WORK ITEM
Nothing but the lines below between the line holding "#127=CARTESIAN_POINT('',(11.5,-2.,7.));" and the line holding "#153=VECTOR('',#152,1.);", inclusive, should appear in the answer, each set down exactly.

RECORD EXCERPTS Block Start

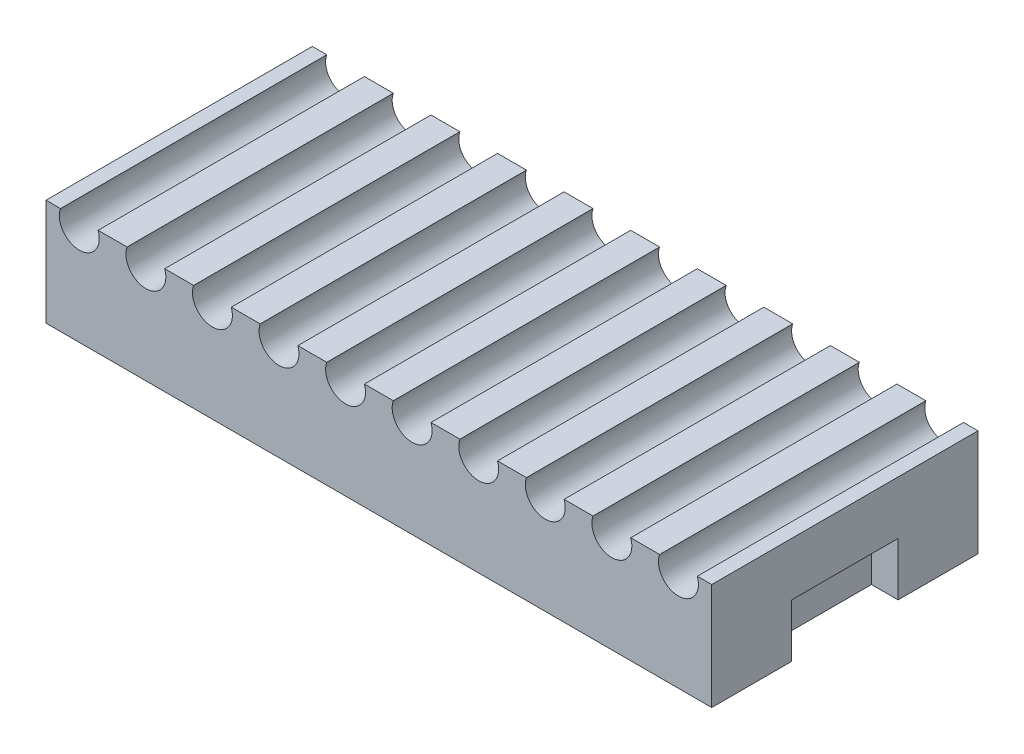
ISO-10303-21;
HEADER;
FILE_DESCRIPTION(('STEP AP214'),'2;1');
FILE_NAME('part.step','',(''),(''),'','','');
FILE_SCHEMA(('AUTOMOTIVE_DESIGN { 1 0 10303 214 1 1 1 1 }'));
ENDSEC;
DATA;
#1=APPLICATION_CONTEXT('core data for automotive mechanical design processes');
#2=APPLICATION_PROTOCOL_DEFINITION('international standard','automotive_design',2000,#1);
#3=PRODUCT_CONTEXT('',#1,'mechanical');
#4=PRODUCT('Part','Part','',(#3));
#5=PRODUCT_RELATED_PRODUCT_CATEGORY('part','',(#4));
#6=PRODUCT_DEFINITION_FORMATION('','',#4);
#7=PRODUCT_DEFINITION_CONTEXT('part definition',#1,'design');
#8=PRODUCT_DEFINITION('design','',#6,#7);
#9=PRODUCT_DEFINITION_SHAPE('','',#8);
#10=(LENGTH_UNIT() NAMED_UNIT(*) SI_UNIT(.MILLI.,.METRE.));
#11=(NAMED_UNIT(*) PLANE_ANGLE_UNIT() SI_UNIT($,.RADIAN.));
#12=(NAMED_UNIT(*) SI_UNIT($,.STERADIAN.) SOLID_ANGLE_UNIT());
#13=UNCERTAINTY_MEASURE_WITH_UNIT(LENGTH_MEASURE(1.E-05),#10,'distance_accuracy_value','');
#14=(GEOMETRIC_REPRESENTATION_CONTEXT(3) GLOBAL_UNCERTAINTY_ASSIGNED_CONTEXT((#13)) GLOBAL_UNIT_ASSIGNED_CONTEXT((#10,
#11,#12)) REPRESENTATION_CONTEXT('',''));
#15=CARTESIAN_POINT('',(0.,0.,0.));
#16=DIRECTION('',(0.,0.,1.));
#17=DIRECTION('',(1.,0.,0.));
#18=AXIS2_PLACEMENT_3D('',#15,#16,#17);
#19=CARTESIAN_POINT('',(-12.5,2.,10.));
#20=DIRECTION('',(1.,0.,0.));
#21=DIRECTION('',(0.,0.,-1.));
#22=AXIS2_PLACEMENT_3D('',#19,#20,#21);
#23=PLANE('',#22);
#24=DIRECTION('',(0.,1.,0.));
#25=VECTOR('',#24,1.);
#26=CARTESIAN_POINT('',(-12.5,0.,3.));
#27=LINE('',#26,#25);
#28=CARTESIAN_POINT('',(-12.5,-2.,3.));
#29=VERTEX_POINT('',#28);
#30=CARTESIAN_POINT('',(-12.5,0.,3.));
#31=VERTEX_POINT('',#30);
#32=EDGE_CURVE('E1135',#29,#31,#27,.T.);
#33=ORIENTED_EDGE('',*,*,#32,.T.);
#34=DIRECTION('',(0.,0.,1.));
#35=VECTOR('',#34,1.);
#36=CARTESIAN_POINT('',(-12.5,0.,7.));
#37=LINE('',#36,#35);
#38=CARTESIAN_POINT('',(-12.5,0.,7.));
#39=VERTEX_POINT('',#38);
#40=EDGE_CURVE('E1130',#31,#39,#37,.T.);
#41=ORIENTED_EDGE('',*,*,#40,.T.);
#42=DIRECTION('',(0.,-1.,0.));
#43=VECTOR('',#42,1.);
#44=CARTESIAN_POINT('',(-12.5,0.,7.));
#45=LINE('',#44,#43);
#46=CARTESIAN_POINT('',(-12.5,-2.,7.));
#47=VERTEX_POINT('',#46);
#48=EDGE_CURVE('E1133',#39,#47,#45,.T.);
#49=ORIENTED_EDGE('',*,*,#48,.T.);
#50=DIRECTION('',(0.,0.,-1.));
#51=VECTOR('',#50,1.);
#52=CARTESIAN_POINT('',(-12.5,-2.,10.));
#53=LINE('',#52,#51);
#54=CARTESIAN_POINT('',(-12.5,-2.,10.));
#55=VERTEX_POINT('',#54);
#56=EDGE_CURVE('E281',#55,#47,#53,.T.);
#57=ORIENTED_EDGE('',*,*,#56,.F.);
#58=DIRECTION('',(0.,-1.,0.));
#59=VECTOR('',#58,1.);
#60=CARTESIAN_POINT('',(-12.5,2.,10.));
#61=LINE('',#60,#59);
#62=CARTESIAN_POINT('',(-12.5,2.,10.));
#63=VERTEX_POINT('',#62);
#64=EDGE_CURVE('E459',#63,#55,#61,.T.);
#65=ORIENTED_EDGE('',*,*,#64,.F.);
#66=DIRECTION('',(0.,0.,-1.));
#67=VECTOR('',#66,1.);
#68=CARTESIAN_POINT('',(-12.5,2.,10.));
#69=LINE('',#68,#67);
#70=CARTESIAN_POINT('',(-12.5,2.,0.));
#71=VERTEX_POINT('',#70);
#72=EDGE_CURVE('E490',#63,#71,#69,.T.);
#73=ORIENTED_EDGE('',*,*,#72,.T.);
#74=DIRECTION('',(0.,-1.,0.));
#75=VECTOR('',#74,1.);
#76=CARTESIAN_POINT('',(-12.5,2.,0.));
#77=LINE('',#76,#75);
#78=CARTESIAN_POINT('',(-12.5,-2.,0.));
#79=VERTEX_POINT('',#78);
#80=EDGE_CURVE('E475',#71,#79,#77,.T.);
#81=ORIENTED_EDGE('',*,*,#80,.T.);
#82=EDGE_CURVE('E487',#29,#79,#53,.T.);
#83=ORIENTED_EDGE('',*,*,#82,.F.);
#84=EDGE_LOOP('',(#33,#41,#49,#57,#65,#73,#81,#83));
#85=FACE_BOUND('',#84,.T.);
#86=ADVANCED_FACE('F47',(#85),#23,.F.);
#87=CARTESIAN_POINT('',(-12.5,-2.,10.));
#88=DIRECTION('',(0.,1.,0.));
#89=DIRECTION('',(0.,0.,1.));
#90=AXIS2_PLACEMENT_3D('',#87,#88,#89);
#91=PLANE('',#90);
#92=DIRECTION('',(-1.,0.,0.));
#93=VECTOR('',#92,1.);
#94=CARTESIAN_POINT('',(-11.5,-2.,3.));
#95=LINE('',#94,#93);
#96=CARTESIAN_POINT('',(-11.5,-2.,3.));
#97=VERTEX_POINT('',#96);
#98=EDGE_CURVE('E283',#97,#29,#95,.T.);
#99=ORIENTED_EDGE('',*,*,#98,.T.);
#100=ORIENTED_EDGE('',*,*,#82,.T.);
#101=DIRECTION('',(1.,0.,0.));
#102=VECTOR('',#101,1.);
#103=CARTESIAN_POINT('',(-12.5,-2.,0.));
#104=LINE('',#103,#102);
#105=CARTESIAN_POINT('',(12.5,-2.,0.));
#106=VERTEX_POINT('',#105);
#107=EDGE_CURVE('E454',#79,#106,#104,.T.);
#108=ORIENTED_EDGE('',*,*,#107,.T.);
#109=DIRECTION('',(0.,0.,-1.));
#110=VECTOR('',#109,1.);
#111=CARTESIAN_POINT('',(12.5,-2.,10.));
#112=LINE('',#111,#110);
#113=CARTESIAN_POINT('',(12.5,-2.,3.));
#114=VERTEX_POINT('',#113);
#115=EDGE_CURVE('E466',#114,#106,#112,.T.);
#116=ORIENTED_EDGE('',*,*,#115,.F.);
#117=DIRECTION('',(1.,0.,0.));
#118=VECTOR('',#117,1.);
#119=CARTESIAN_POINT('',(11.5,-2.,3.));
#120=LINE('',#119,#118);
#121=CARTESIAN_POINT('',(11.5,-2.,3.));
#122=VERTEX_POINT('',#121);
#123=EDGE_CURVE('E316',#122,#114,#120,.T.);
#124=ORIENTED_EDGE('',*,*,#123,.F.);
#125=DIRECTION('',(0.,0.,-1.));
#126=VECTOR('',#125,1.);
#127=CARTESIAN_POINT('',(11.5,-2.,7.));
#128=LINE('',#127,#126);
#129=CARTESIAN_POINT('',(11.5,-2.,7.));
#130=VERTEX_POINT('',#129);
#131=EDGE_CURVE('E302',#130,#122,#128,.T.);
#132=ORIENTED_EDGE('',*,*,#131,.F.);
#133=DIRECTION('',(1.,0.,0.));
#134=VECTOR('',#133,1.);
#135=CARTESIAN_POINT('',(11.5,-2.,7.));
#136=LINE('',#135,#134);
#137=CARTESIAN_POINT('',(12.5,-2.,7.));
#138=VERTEX_POINT('',#137);
#139=EDGE_CURVE('E320',#130,#138,#136,.T.);
#140=ORIENTED_EDGE('',*,*,#139,.T.);
#141=CARTESIAN_POINT('',(12.5,-2.,10.));
#142=VERTEX_POINT('',#141);
#143=EDGE_CURVE('E483',#142,#138,#112,.T.);
#144=ORIENTED_EDGE('',*,*,#143,.F.);
#145=DIRECTION('',(1.,0.,0.));
#146=VECTOR('',#145,1.);
#147=CARTESIAN_POINT('',(-12.5,-2.,10.));
#148=LINE('',#147,#146);
#149=EDGE_CURVE('E463',#55,#142,#148,.T.);
#150=ORIENTED_EDGE('',*,*,#149,.F.);
#151=ORIENTED_EDGE('',*,*,#56,.T.);
#152=DIRECTION('',(-1.,0.,0.));
#153=VECTOR('',#152,1.);
#154=CARTESIAN_POINT('',(-11.5,-2.,7.));
#155=LINE('',#154,#153);
#156=CARTESIAN_POINT('',(-11.5,-2.,7.));
#157=VERTEX_POINT('',#156);
#158=EDGE_CURVE('E264',#157,#47,#155,.T.);
#159=ORIENTED_EDGE('',*,*,#158,.F.);
#160=DIRECTION('',(0.,0.,-1.));
#161=VECTOR('',#160,1.);
#162=CARTESIAN_POINT('',(-11.5,-2.,7.));
#163=LINE('',#162,#161);
#164=EDGE_CURVE('E269',#157,#97,#163,.T.);
#165=ORIENTED_EDGE('',*,*,#164,.T.);
#166=EDGE_LOOP('',(#99,#100,#108,#116,#124,#132,#140,#144,#150,#151,#159,#165));
#167=FACE_BOUND('',#166,.T.);
#168=ADVANCED_FACE('F278',(#167),#91,.F.);
#169=CARTESIAN_POINT('',(-12.5,2.,10.));
#170=DIRECTION('',(0.,-1.,0.));
#171=DIRECTION('',(0.,0.,-1.));
#172=AXIS2_PLACEMENT_3D('',#169,#170,#171);
#173=PLANE('',#172);
#174=DIRECTION('',(-1.,0.,0.));
#175=VECTOR('',#174,1.);
#176=CARTESIAN_POINT('',(-12.5,2.,10.));
#177=LINE('',#176,#175);
#178=CARTESIAN_POINT('',(10.5428932188135,2.,10.));
#179=VERTEX_POINT('',#178);
#180=CARTESIAN_POINT('',(9.45710678118655,2.,10.));
#181=VERTEX_POINT('',#180);
#182=EDGE_CURVE('E460',#179,#181,#177,.T.);
#183=ORIENTED_EDGE('',*,*,#182,.F.);
#184=DIRECTION('',(0.,0.,-1.));
#185=VECTOR('',#184,1.);
#186=CARTESIAN_POINT('',(10.5428932188135,2.,10.));
#187=LINE('',#186,#185);
#188=CARTESIAN_POINT('',(10.5428932188135,2.,0.));
#189=VERTEX_POINT('',#188);
#190=EDGE_CURVE('E444',#179,#189,#187,.T.);
#191=ORIENTED_EDGE('',*,*,#190,.T.);
#192=DIRECTION('',(-1.,0.,0.));
#193=VECTOR('',#192,1.);
#194=CARTESIAN_POINT('',(-12.5,2.,0.));
#195=LINE('',#194,#193);
#196=CARTESIAN_POINT('',(9.45710678118655,2.,0.));
#197=VERTEX_POINT('',#196);
#198=EDGE_CURVE('E476',#189,#197,#195,.T.);
#199=ORIENTED_EDGE('',*,*,#198,.T.);
#200=DIRECTION('',(0.,0.,-1.));
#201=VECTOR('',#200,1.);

RECORD EXCERPTS Block End

OUTPUT FOR THIS TASK
#127=CARTESIAN_POINT('',(11.5,-2.,7.));
#128=LINE('',#127,#126);
#129=CARTESIAN_POINT('',(11.5,-2.,7.));
#130=VERTEX_POINT('',#129);
#131=EDGE_CURVE('E302',#130,#122,#128,.T.);
#132=ORIENTED_EDGE('',*,*,#131,.F.);
#133=DIRECTION('',(1.,0.,0.));
#134=VECTOR('',#133,1.);
#135=CARTESIAN_POINT('',(11.5,-2.,7.));
#136=LINE('',#135,#134);
#137=CARTESIAN_POINT('',(12.5,-2.,7.));
#138=VERTEX_POINT('',#137);
#139=EDGE_CURVE('E320',#130,#138,#136,.T.);
#140=ORIENTED_EDGE('',*,*,#139,.T.);
#141=CARTESIAN_POINT('',(12.5,-2.,10.));
#142=VERTEX_POINT('',#141);
#143=EDGE_CURVE('E483',#142,#138,#112,.T.);
#144=ORIENTED_EDGE('',*,*,#143,.F.);
#145=DIRECTION('',(1.,0.,0.));
#146=VECTOR('',#145,1.);
#147=CARTESIAN_POINT('',(-12.5,-2.,10.));
#148=LINE('',#147,#146);
#149=EDGE_CURVE('E463',#55,#142,#148,.T.);
#150=ORIENTED_EDGE('',*,*,#149,.F.);
#151=ORIENTED_EDGE('',*,*,#56,.T.);
#152=DIRECTION('',(-1.,0.,0.));
#153=VECTOR('',#152,1.);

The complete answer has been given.